▶ RECORDS FOR THE EXERCISE:
======
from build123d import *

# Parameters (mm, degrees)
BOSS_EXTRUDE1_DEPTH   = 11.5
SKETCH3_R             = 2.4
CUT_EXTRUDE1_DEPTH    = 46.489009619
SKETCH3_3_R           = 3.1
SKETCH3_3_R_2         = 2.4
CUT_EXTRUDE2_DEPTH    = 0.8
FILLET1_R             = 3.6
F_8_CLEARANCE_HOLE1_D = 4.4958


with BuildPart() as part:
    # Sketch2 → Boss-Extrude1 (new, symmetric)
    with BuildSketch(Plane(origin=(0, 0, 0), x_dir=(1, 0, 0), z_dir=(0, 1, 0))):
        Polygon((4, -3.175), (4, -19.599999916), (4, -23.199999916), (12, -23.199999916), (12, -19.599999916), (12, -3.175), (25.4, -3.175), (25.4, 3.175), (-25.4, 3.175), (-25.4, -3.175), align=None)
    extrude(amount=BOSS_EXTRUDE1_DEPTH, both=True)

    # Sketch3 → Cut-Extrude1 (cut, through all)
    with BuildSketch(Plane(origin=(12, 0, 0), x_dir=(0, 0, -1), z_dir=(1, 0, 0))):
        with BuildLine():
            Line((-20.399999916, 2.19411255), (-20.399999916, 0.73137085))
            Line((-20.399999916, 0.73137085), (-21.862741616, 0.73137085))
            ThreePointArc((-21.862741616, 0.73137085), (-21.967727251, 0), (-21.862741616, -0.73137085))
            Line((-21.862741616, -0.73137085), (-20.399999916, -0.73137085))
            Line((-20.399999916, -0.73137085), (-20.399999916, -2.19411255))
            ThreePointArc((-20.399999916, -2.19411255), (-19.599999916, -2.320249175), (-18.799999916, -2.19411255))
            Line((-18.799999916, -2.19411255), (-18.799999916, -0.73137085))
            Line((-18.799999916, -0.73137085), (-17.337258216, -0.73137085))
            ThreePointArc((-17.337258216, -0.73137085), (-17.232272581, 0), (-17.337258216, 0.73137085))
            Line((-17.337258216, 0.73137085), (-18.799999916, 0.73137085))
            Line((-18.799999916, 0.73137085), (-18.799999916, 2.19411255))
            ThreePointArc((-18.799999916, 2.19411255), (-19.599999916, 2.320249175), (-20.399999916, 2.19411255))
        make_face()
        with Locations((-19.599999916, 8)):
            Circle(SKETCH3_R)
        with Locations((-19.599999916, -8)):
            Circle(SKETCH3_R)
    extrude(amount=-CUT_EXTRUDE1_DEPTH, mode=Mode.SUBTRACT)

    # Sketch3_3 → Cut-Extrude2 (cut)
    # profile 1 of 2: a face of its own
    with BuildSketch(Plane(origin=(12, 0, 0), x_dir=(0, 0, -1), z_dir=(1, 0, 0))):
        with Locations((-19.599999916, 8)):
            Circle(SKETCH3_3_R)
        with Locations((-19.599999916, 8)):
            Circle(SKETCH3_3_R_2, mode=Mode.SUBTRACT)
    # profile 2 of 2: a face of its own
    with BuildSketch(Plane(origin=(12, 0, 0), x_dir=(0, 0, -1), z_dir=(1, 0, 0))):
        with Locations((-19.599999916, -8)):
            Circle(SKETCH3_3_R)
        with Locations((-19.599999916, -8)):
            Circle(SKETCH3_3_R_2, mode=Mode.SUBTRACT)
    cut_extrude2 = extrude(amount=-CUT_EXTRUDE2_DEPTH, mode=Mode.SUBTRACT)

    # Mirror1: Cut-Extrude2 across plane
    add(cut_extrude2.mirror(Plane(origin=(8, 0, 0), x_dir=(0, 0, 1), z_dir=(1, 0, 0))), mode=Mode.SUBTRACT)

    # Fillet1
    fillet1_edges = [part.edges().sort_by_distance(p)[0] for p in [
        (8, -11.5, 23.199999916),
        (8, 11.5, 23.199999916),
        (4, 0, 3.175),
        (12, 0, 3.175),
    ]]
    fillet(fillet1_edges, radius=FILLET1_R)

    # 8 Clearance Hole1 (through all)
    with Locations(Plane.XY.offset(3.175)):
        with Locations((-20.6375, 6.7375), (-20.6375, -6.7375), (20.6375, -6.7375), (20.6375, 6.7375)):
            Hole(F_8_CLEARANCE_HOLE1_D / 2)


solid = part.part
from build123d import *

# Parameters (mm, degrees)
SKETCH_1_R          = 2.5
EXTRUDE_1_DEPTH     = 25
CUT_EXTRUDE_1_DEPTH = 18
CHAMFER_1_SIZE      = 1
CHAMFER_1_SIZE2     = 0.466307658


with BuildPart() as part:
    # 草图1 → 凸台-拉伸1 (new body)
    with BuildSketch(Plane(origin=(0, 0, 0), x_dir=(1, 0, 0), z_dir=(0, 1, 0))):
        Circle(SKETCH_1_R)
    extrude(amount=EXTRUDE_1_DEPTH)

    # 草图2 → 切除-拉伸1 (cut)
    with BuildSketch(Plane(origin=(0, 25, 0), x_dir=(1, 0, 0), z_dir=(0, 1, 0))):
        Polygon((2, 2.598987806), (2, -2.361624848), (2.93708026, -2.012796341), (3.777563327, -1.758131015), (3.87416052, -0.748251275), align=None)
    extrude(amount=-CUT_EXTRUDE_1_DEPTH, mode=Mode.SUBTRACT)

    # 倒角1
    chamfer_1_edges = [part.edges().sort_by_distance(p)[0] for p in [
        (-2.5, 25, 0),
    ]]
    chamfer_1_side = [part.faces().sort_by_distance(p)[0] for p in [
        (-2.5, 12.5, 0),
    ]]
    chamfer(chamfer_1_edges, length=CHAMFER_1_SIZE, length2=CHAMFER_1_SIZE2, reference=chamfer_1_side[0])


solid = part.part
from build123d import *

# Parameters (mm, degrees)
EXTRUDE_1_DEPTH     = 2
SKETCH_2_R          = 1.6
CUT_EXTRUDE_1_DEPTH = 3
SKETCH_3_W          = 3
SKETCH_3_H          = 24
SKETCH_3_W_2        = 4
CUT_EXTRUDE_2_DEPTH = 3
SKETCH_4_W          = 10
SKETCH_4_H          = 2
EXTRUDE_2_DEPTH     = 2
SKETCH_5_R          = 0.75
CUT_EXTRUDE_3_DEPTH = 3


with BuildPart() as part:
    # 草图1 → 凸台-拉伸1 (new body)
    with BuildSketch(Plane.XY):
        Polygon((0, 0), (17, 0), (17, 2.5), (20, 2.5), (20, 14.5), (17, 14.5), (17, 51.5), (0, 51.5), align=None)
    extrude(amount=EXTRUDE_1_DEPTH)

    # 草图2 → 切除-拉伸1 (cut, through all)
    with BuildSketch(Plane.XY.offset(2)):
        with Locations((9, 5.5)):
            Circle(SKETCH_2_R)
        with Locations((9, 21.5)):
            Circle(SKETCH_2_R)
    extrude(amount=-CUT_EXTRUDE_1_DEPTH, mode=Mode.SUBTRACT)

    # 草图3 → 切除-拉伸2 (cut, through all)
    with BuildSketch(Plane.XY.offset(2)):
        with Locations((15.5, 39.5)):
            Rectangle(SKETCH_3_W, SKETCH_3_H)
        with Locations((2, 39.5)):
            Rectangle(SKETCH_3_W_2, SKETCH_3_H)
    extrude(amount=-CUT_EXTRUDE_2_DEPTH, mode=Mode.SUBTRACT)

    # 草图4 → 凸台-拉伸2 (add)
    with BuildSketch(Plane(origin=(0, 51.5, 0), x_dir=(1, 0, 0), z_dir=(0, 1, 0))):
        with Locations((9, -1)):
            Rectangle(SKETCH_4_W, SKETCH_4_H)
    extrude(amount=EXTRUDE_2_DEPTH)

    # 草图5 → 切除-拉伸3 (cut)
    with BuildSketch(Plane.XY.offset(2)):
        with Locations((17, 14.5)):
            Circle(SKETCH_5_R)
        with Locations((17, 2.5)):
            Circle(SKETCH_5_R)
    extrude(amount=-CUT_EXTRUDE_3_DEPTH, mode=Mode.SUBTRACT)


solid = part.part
======
▶ REQUIREMENT: Copy the entries above exactly, but only from the line holding "0), (-17.337258216, 0.73137085))" through the line holding "Line((-18.799999916, 0.73137085), (-18.799999916, 2.19411255))", both included.

▶ ANSWER SECTION:
            ThreePointArc((-17.337258216, -0.73137085), (-17.232272581, 0), (-17.337258216, 0.73137085))
            Line((-17.337258216, 0.73137085), (-18.799999916, 0.73137085))
            Line((-18.799999916, 0.73137085), (-18.799999916, 2.19411255))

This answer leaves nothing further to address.